Question

EXTRA POINTSSS 1. A solution at 25 degrees Celsius is 1.0 × 10–5 M H3O+. What is the concentration of OH– in this solution?

Answer 1

Answer:

Concentration of OH⁻:

1.0 × 10⁻⁹ M.

Explanation:

The following equilibrium goes on in aqueous solutions:

$\text{H}_2\text{O}\;(l)\rightleftharpoons \text{H}^{+}\;(aq) + \text{OH}^{-}\;(aq)$.

The equilibrium constant for this reaction is called the self-ionization constant of water:

$K_w = [\text{H}^{+}]\cdot[\text{OH}^{-}]$.

Note that water isn't part of this constant.

The value of $K_w$ at 25 °C is $10^{-14}$. How to memorize this value?

• The pH of pure water at 25 °C is 7.
• $[\text{H}^{+}] = 10^{-\text{pH}} = 10^{-7}\;\text{mol}\cdot\text{dm}^{-3}$
• However, $[\text{OH}^{-}] = [\text{H}^{+}]=10^{-7}\;\text{mol}\cdot\text{dm}^{-3}$ for pure water.
• As a result, $K_w = [\text{H}^{+}] \cdot[\text{OH}^{-}] = (10^{-7})^{2} = 10^{-14}$ at 25 °C.
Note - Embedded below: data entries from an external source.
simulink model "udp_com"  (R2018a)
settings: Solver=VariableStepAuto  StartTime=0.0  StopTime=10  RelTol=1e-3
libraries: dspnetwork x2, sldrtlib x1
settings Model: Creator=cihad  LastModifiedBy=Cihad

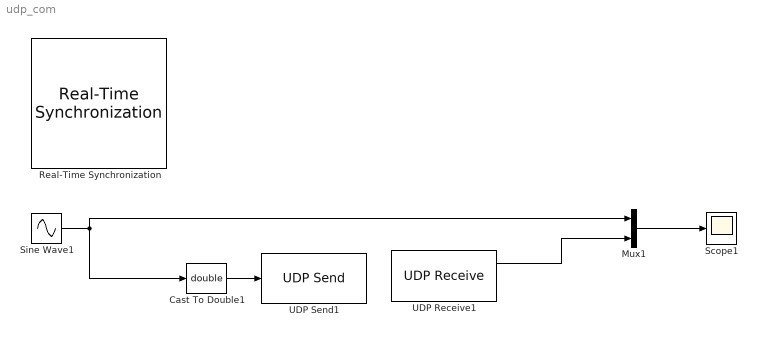
== system udp_com ==
  Cast To Double1 : DataTypeConversion  OutDataTypeStr=double
  Mux1 : Mux  Inputs=2
  Real-Time Synchronization : sldrtlib/Real-Time Synchronization  SampleTime=0.01  MaxMissedTicks=100000  ShowMissedTicks=off  YieldWhenWaiting=off
  Scope1 : Scope
  Sine Wave1 : Sin  SampleTime=0.01
  UDP Receive1 : dspnetwork/UDP Receive  localURL='0.0.0.0'  localPort=26000  remoteURL='0.0.0.0'  remotePort=-1  recvBufferSize=8192  dims=1  signalDatatype=double  isVarSize=off  showBlockingTime=off  blockingTime=0  sampletime=0.001  blockPlatform=[]
      settings: SourceProductName=DSP System Toolbox  SourceProductBaseCode=DS
  UDP Send1 : dspnetwork/UDP Send  remoteURL='127.0.0.1'  remotePort=25000  localURL='0.0.0.0'  localPortSource=Automatically determine  localPort=-1  sampletime=-1  blockPlatform=[]  separateLengthPort=0
      settings: SourceProductName=DSP System Toolbox  SourceProductBaseCode=DS
  wires:
  Mux1/1 -> Scope1/1
  Sine Wave1/1 -> Mux1/1, Cast To Double1/1
  UDP Receive1/1 -> Mux1/2
  Cast To Double1/1 -> UDP Send1/1
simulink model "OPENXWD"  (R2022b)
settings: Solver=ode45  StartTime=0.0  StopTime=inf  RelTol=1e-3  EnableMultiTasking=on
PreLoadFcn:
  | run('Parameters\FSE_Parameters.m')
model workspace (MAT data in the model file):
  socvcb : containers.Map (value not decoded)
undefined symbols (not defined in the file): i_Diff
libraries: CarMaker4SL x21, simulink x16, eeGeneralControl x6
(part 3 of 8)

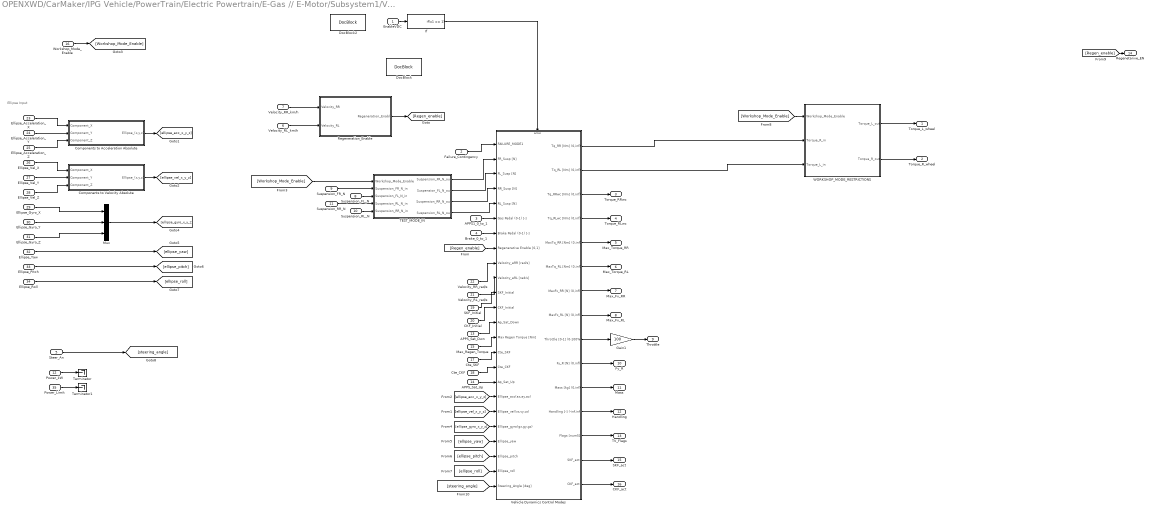
== system OPENXWD/CarMaker/IPG Vehicle/PowerTrain/Electric Powertrain/E-Gas // E-Motor/Subsystem1/VDC ==
  note: Ellipse Input
  EnableVDC : Inport
  Failure_Contingency : Inport  Port=2
  APPS1_0_to_1 : Inport  Port=3
  Brake_0_to_1 : Inport  Port=4
  Steer_An : Inport  Port=5
  Velocity_RL_km/h : Inport  Port=6
  Velocity_RR_km/h : Inport  Port=7
  Suspension_FL_N : Inport  Port=8
  Suspension_FR_N : Inport  Port=9
  Suspension_RL_N : Inport  Port=10
  Suspension_RR_N : Inport  Port=11
  Power_kW : Inport  Port=12
  APPS_Sat_Dwn : Inport  Port=13
  APPS_Sat_Up : Inport  Port=14
  Max_Regen_Torque : Inport  Port=15
  Workshop_Mode_Enable : Inport  Port=16
  Cte_SKF : Inport  Port=17
  Cte_CKF : Inport  Port=18
  SKF_Initial : Inport  Port=19
  CKF_Initial : Inport  Port=20
  Velocity_RL_rad/s : Inport  Port=21
  Velocity_RR_rad/s : Inport  Port=22
  Ellipse_Acceleration_X : Inport  Port=23
  Ellipse_Acceleration_Y : Inport  Port=24
  Ellipse_Acceleration_Z : Inport  Port=25
  Ellipse_Vel_X : Inport  Port=26
  Ellipse_Vel_Y : Inport  Port=27
  Ellipse_Vel_Z : Inport  Port=28
  Ellipse_Gyro_X : Inport  Port=29
  Ellipse_Gyro_Y : Inport  Port=30
  Ellipse_Gyro_Z : Inport  Port=31
  Ellipse_Yaw : Inport  Port=32
  Ellipse_Pitch : Inport  Port=33
  Ellipse_Roll : Inport  Port=34
  Power_Limit : Inport  Port=35
  Components to Acceleration Absolute : Subsystem
  Components to Velocity Absolute : Subsystem
  DocBlock : simulink/Model-Wide Utilities/DocBlock  DocumentType=Text
      content=|
      | This port activates the different modes that the VDC must be in according
      | to the signals that the Main ECU has available.
      |
      | Port Must be 1 to activate VDC 2018 Complete (Green)
      | Requirement: All sensors are connected (Ellipse, Steering, SuspensionRear
      | [SuspensionFront only needed to calculate Mass]).
      |
      | Port Must be 2 to activate VDC without Longitudinal (Yellow)
      | Requirement: No steering sensor data
      |
      | Port Must be 3 to activate Steering TV 2017 without TC (Orange)
      | Requirement: (No Ellipse) or (No SuspensionRear Data)
      |
      | Port Must be 4 to activate Rigid Axle (Red)
      | Requirement: (No Steering Sensor) and (No Ellipse or No SuspensionRear)
  DocBlock2 : simulink/Model-Wide Utilities/DocBlock  DocumentType=Text
      content=|
      | Enable Vehicle Dynamics Control.
      |
      | This port must be 1 if the calculations for VDC must be made
  Gain1 : Gain  Gain=100
  If : If  IfExpression=u1 == 1  ShowElse=off
  Mux : Mux  Inputs=3
  Regeneration_Enable : Subsystem  TreatAsAtomicUnit=on
  TEST_MODE_IN : Subsystem  TreatAsAtomicUnit=on
  Terminator : Terminator
  Terminator1 : Terminator
  Vehicle Dynamics Control Modes : Subsystem
  WORKSHOP_MODE_RESTRICTIONS : Subsystem  TreatAsAtomicUnit=on
  Torque_L_wheel : Outport  VectorParamsAs1DForOutWhenUnconnected=off
  Torque_R_wheel : Outport  Port=2  VectorParamsAs1DForOutWhenUnconnected=off
  Torque_RRwc : Outport  Port=3  VectorParamsAs1DForOutWhenUnconnected=off
  Torque_RLwc : Outport  Port=4  VectorParamsAs1DForOutWhenUnconnected=off
  Max_Torque_RR : Outport  Port=5  VectorParamsAs1DForOutWhenUnconnected=off
  Max_Torque_RL : Outport  Port=6  VectorParamsAs1DForOutWhenUnconnected=off
  Max_Fx_RR : Outport  Port=7  VectorParamsAs1DForOutWhenUnconnected=off
  Max_Fx_RL : Outport  Port=8  VectorParamsAs1DForOutWhenUnconnected=off
  Throttle : Outport  Port=9  VectorParamsAs1DForOutWhenUnconnected=off
  Fy_R : Outport  Port=10  VectorParamsAs1DForOutWhenUnconnected=off
  Mass : Outport  Port=11  VectorParamsAs1DForOutWhenUnconnected=off
  Handling : Outport  Port=12  VectorParamsAs1DForOutWhenUnconnected=off
  TV_Flags : Outport  Port=13  VectorParamsAs1DForOutWhenUnconnected=off
  Regenetarive_EN : Outport  Port=14  VectorParamsAs1DForOutWhenUnconnected=off
  SKF_act : Outport  Port=15  VectorParamsAs1DForOutWhenUnconnected=off
  CKF_act : Outport  Port=16  VectorParamsAs1DForOutWhenUnconnected=off
  wires:
  Velocity_RR_km/h/1 -> Regeneration_Enable/1(Velocity_RR)
  Gain1/1 -> Throttle/1
  Vehicle Dynamics Control Modes/7(MaxFx_RR [N] (0,inf)) -> Max_Fx_RR/1
  Vehicle Dynamics Control Modes/6(MaxTq_RL [Nm] (0,inf)) -> Max_Torque_RL/1
  Vehicle Dynamics Control Modes/8(MaxFx_RL [N] (0,inf)) -> Max_Fx_RL/1
  Power_kW/1 -> Terminator/1
  Vehicle Dynamics Control Modes/1(Tq_RR [Nm] (0,inf)) -> WORKSHOP_MODE_RESTRICTIONS/2(Torque_R_in)
  APPS_Sat_Up/1 -> Vehicle Dynamics Control Modes/17(Ap_Sat_Up)
  WORKSHOP_MODE_RESTRICTIONS/1(Torque_L_out) -> Torque_L_wheel/1
  Vehicle Dynamics Control Modes/3(Tq_RRwc [Nm] (0,inf)) -> Torque_RRwc/1
  Suspension_FL_N/1 -> TEST_MODE_IN/3(Suspension_FL_N_in)
  Suspension_FR_N/1 -> TEST_MODE_IN/2(Suspension_FR_N_in)
  TEST_MODE_IN/1(Suspension_FR_N_out) -> Vehicle Dynamics Control Modes/2(FR_Susp [N])
  Velocity_RR_rad/s/1 -> Vehicle Dynamics Control Modes/9(Velocity_eRR [rad/s])
  Vehicle Dynamics Control Modes/14(SKF_act) -> SKF_act/1
  APPS1_0_to_1/1 -> Vehicle Dynamics Control Modes/6(Gas Pedal (0-1) [-])
  Vehicle Dynamics Control Modes/4(Tq_RLwc [Nm] (0,inf)) -> Torque_RLwc/1
  Vehicle Dynamics Control Modes/5(MaxTq_RR [Nm] (0,inf)) -> Max_Torque_RR/1
  Brake_0_to_1/1 -> Vehicle Dynamics Control Modes/7(Brake Pedal (0-1) [-])
  Velocity_RL_km/h/1 -> Regeneration_Enable/2(Velocity_RL)
  Vehicle Dynamics Control Modes/11(Mass [kg] (0,inf)) -> Mass/1
  Vehicle Dynamics Control Modes/9(Throttle [0-1] (0-100%)) -> Gain1/1
  Vehicle Dynamics Control Modes/2(Tq_RL [Nm] (0,inf)) -> WORKSHOP_MODE_RESTRICTIONS/3(Torque_L_in)
  EnableVDC/1 -> If/1
  Suspension_RL_N/1 -> TEST_MODE_IN/5(Suspension_RR_N_in)
  Vehicle Dynamics Control Modes/10(Fy_R [N] (0,inf)) -> Fy_R/1
  Vehicle Dynamics Control Modes/13(Flags [num5]) -> TV_Flags/1
  [Workshop_Mode_Enable] -> TEST_MODE_IN/1(Workshop_Mode_Enable)
  Suspension_RR_N/1 -> TEST_MODE_IN/4(Suspension_RL_N_in)
  Vehicle Dynamics Control Modes/12(Handling [-] (-inf,inf)) -> Handling/1
  Workshop_Mode_Enable/1 -> [Workshop_Mode_Enable]
  Vehicle Dynamics Control Modes/15(CKF_act) -> CKF_act/1
  If/1 -> Vehicle Dynamics Control Modes/Action
  TEST_MODE_IN/2(Suspension_FL_N_out) -> Vehicle Dynamics Control Modes/3(FL_Susp [N])
  TEST_MODE_IN/3(Suspension_RR_N_out) -> Vehicle Dynamics Control Modes/4(RR_Susp [N])
  TEST_MODE_IN/4(Suspension_RL_N_out) -> Vehicle Dynamics Control Modes/5(RL_Susp [N])
  Velocity_RL_rad/s/1 -> Vehicle Dynamics Control Modes/10(Velocity_eRL [rad/s])
  SKF_Initial/1 -> Vehicle Dynamics Control Modes/11(SKF_Initial)
  CKF_Initial/1 -> Vehicle Dynamics Control Modes/12(CKF_Initial)
  APPS_Sat_Dwn/1 -> Vehicle Dynamics Control Modes/13(Ap_Sat_Down)
  Max_Regen_Torque/1 -> Vehicle Dynamics Control Modes/14(Max Regen Torque [Nm])
  Cte_SKF/1 -> Vehicle Dynamics Control Modes/15(Cte_SKF)
  Cte_CKF/1 -> Vehicle Dynamics Control Modes/16(Cte_CKF)
  Failure_Contingency/1 -> Vehicle Dynamics Control Modes/1(FAILURE_MODE1)
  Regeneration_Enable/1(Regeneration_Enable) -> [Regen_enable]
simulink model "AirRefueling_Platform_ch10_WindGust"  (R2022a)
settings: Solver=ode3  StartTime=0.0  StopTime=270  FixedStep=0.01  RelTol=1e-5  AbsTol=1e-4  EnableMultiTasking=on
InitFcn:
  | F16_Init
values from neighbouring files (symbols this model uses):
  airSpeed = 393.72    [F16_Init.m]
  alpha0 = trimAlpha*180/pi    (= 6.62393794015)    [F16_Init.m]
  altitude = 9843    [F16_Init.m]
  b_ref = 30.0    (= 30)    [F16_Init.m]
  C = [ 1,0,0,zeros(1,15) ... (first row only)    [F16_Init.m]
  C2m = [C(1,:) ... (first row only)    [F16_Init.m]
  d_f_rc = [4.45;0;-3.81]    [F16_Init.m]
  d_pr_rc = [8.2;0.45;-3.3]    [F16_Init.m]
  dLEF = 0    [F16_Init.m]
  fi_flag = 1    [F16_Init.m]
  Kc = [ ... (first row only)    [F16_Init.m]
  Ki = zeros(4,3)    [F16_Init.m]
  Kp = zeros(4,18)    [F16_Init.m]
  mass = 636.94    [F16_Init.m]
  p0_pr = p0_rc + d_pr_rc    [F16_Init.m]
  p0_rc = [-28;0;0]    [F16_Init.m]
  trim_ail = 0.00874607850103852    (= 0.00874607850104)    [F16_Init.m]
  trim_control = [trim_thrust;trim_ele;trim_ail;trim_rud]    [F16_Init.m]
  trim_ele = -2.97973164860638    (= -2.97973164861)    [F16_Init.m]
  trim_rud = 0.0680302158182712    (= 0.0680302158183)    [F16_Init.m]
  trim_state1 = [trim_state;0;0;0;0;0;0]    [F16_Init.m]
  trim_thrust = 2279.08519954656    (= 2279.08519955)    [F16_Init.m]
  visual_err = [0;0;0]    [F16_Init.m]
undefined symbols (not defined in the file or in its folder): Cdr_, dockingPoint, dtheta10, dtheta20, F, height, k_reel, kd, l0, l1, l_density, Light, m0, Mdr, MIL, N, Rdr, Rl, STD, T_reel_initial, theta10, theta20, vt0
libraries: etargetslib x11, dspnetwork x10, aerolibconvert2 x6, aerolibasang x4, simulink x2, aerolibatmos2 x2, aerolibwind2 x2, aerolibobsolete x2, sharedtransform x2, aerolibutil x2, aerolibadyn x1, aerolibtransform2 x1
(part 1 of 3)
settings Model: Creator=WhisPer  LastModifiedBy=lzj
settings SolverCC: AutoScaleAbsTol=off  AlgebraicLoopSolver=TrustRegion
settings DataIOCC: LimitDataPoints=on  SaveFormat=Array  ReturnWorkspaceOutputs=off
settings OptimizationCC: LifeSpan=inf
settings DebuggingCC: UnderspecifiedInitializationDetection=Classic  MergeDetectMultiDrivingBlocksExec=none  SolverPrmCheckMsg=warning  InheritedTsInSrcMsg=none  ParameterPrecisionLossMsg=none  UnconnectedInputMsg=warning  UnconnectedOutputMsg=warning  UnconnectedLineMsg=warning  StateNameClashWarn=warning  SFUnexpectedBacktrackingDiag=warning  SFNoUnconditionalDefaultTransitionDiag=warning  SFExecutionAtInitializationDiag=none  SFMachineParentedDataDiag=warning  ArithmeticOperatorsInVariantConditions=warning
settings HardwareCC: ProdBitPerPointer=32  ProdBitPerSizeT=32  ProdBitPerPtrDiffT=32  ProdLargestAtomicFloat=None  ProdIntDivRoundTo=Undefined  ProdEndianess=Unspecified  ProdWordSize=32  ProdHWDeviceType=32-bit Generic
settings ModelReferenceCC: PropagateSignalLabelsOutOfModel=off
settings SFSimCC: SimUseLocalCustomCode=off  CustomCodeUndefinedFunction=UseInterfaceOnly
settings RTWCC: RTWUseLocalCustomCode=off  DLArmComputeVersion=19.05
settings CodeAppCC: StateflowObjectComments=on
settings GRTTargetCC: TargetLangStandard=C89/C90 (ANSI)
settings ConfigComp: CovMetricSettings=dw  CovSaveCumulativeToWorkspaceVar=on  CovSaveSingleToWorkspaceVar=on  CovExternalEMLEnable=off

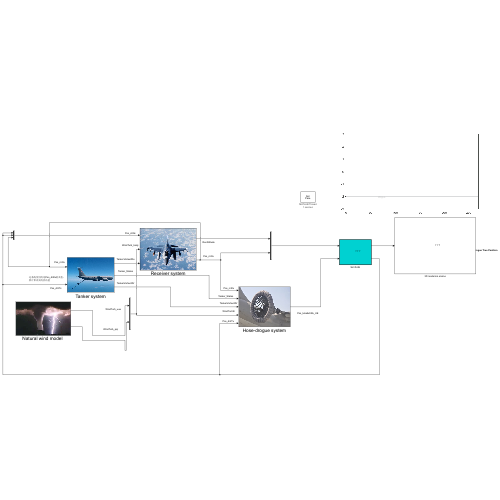
[thumbnail: Simulink's stored preview of the top-level diagram]
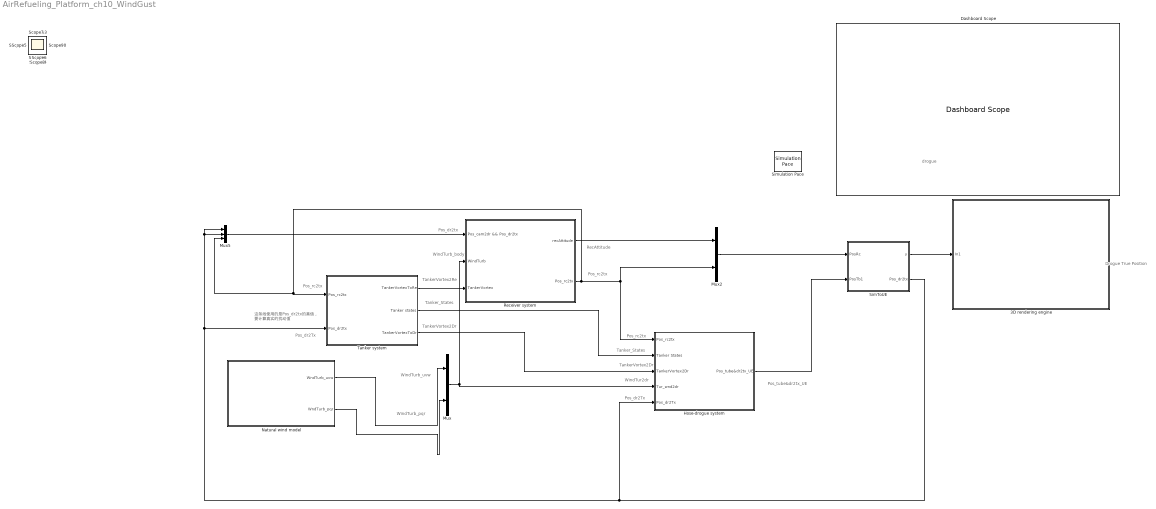
== system AirRefueling_Platform_ch10_WindGust ==
  note: 这条线使用的是Pos_dr2tx的真值，
      | 要计算真实的扰动值
  note: drogue
  note: RecAttitude
  note: WindTurb_uvw
  note: WindTurb_pqr
  note: Pos_tube&dr2tx_UE
  note: WindTur2dr
  note: WindTurb_body
  note: Pos_dr2tx
  note: Pos_rc2tx
  note: TankerVortex2Re
  note: TankerVortex2Dr
  note: Tanker_States
  note: Tanker_States
  note: TankerVortex2Dr
  note: Pos_rc2tx
  note: Drogue True Position
  note: Pos_dr2Tx
  note: Pos_rc2tx
  note: Pos_dr2Tx
  3D rendering engine : Subsystem
      mask Display: image('C:\Users\lgy13\Desktop\当下要完成的\AirRefueling3DVR-Blank\Icon\sideview.png'); % Use "Edit Image" on toolstrip to change.
  Dashboard Scope : DashboardScope
  Hose-drogue system : Subsystem
      mask Display: image(imread('Icon\drogue.jpg'))
  Mux : Mux  Inputs=2
  Mux2 : Mux  Inputs=2
  Mux5 : Mux  Inputs=3
  "Natural wind model " : Subsystem
      mask Display: image(imread('Icon\Enviroment.jpg'))
  Receiver system : Subsystem
      mask Display: image(imread('Icon\f16thumb.jpg'))
  SimToUE : MATLAB Function  TreatAsAtomicUnit=on
  Simulation Pace : aerolibanimutils/Simulation Pace  SimulationPace=1  SleepMode=MATLAB Thread  OutputPaceError=off  SampleTime=0.1
  Tanker system : Subsystem
      mask Display: image(imread('Icon\tanker.jpg'))
  Scope{,1,3..34} (34 alike) : Scope
  wires:
  SimToUE/2(Pos_dr2tx) -> Hose-drogue system/5(Pos_dr2Tx), Tanker system/2(Pos_dr2tx), Mux5/1, Mux5/2
  Receiver system/1(recAttitude) -> Mux2/1
  Hose-drogue system/1(Pos_tube&dr2tx_UE) -> SimToUE/2(PosTb1)
  Mux2/1 -> SimToUE/1(PosRc)
  Tanker system/2(Tanker states) -> Hose-drogue system/2(Tanker States)
  Tanker system/3(TankerVortexToDr) -> Hose-drogue system/3(TankerVortex2Dr)
  Tanker system/1(TankerVortexToRe) -> Receiver system/3(TankerVortex)
  Mux5/1 -> Receiver system/1(Pos_cam2dr && Pos_dr2tx)
  SimToUE/1(y) -> 3D rendering engine/1(In1)
  Receiver system/2(Pos_rc2tx) -> Mux2/2, Hose-drogue system/1(Pos_rc2tx), Mux5/3, Tanker system/1(Pos_rc2tx)
  "Natural wind model "/1(WndTurb_uvw) -> Mux/1
  "Natural wind model "/2(WndTurb_pqr) -> Mux/2
  Mux/1 -> Hose-drogue system/4(Tur_wnd2dr), Receiver system/2(WindTurb)

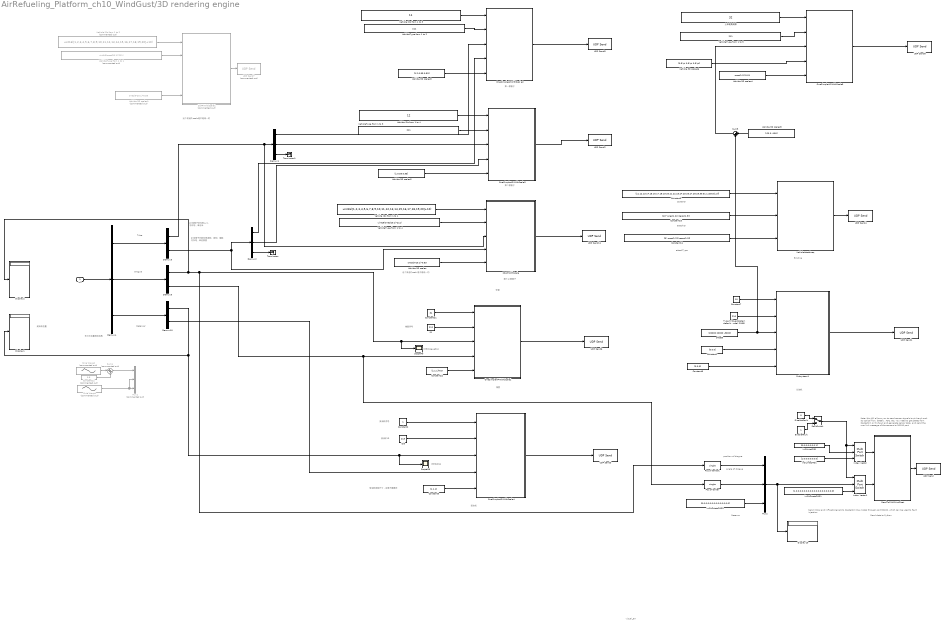
== system AirRefueling_Platform_ch10_WindGust/3D rendering engine ==
  note: visual_err
  note: 第一根管子
  note: 这个发送的scale是不是统一的
  note: 受油机位置
  note: 加油机
  note: 锥套
  note: position of drogue
  note: copterID
  note: Send inSILs and inFloats signals to CopterSim DLL model through port 30100, which can be used to fault injection.
  note: 记录RcPos
  note: 20段管子的位置xyz，
      | 北东地，单位米
  note: Note: this API allows you to send sensor signals to pixhawk such as optical flow, battery, ADC, etc. You need to get states from CopterSim or Pixhawk and generate sensor data, and send the mavlink message of the sensors to 30100 port
  note: 锥套序号
  note: attachType
  note: 记录DroguePos
  note: 受油机
  note: Tube
  note: 20段管子的欧拉角滚转、俯仰、偏航
      | 北东地，单位弧度
  note: attachID
  note: 先分为位置和欧拉角
  note: Binding
  note: Send data to Python
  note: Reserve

Back to this question. $[\text{H}^{+}]$ is given. 25 °C implies that $K_w = 10^{-14}$. As a result,

$\displaystyle [\text{OH}^{-}] = \frac{K_w}{[\text{H}^{+}]} = \frac{10^{-14}}{1.0\times 10^{-5}} = 10^{-9} \;\text{mol}\cdot\text{dm}^{-3}$.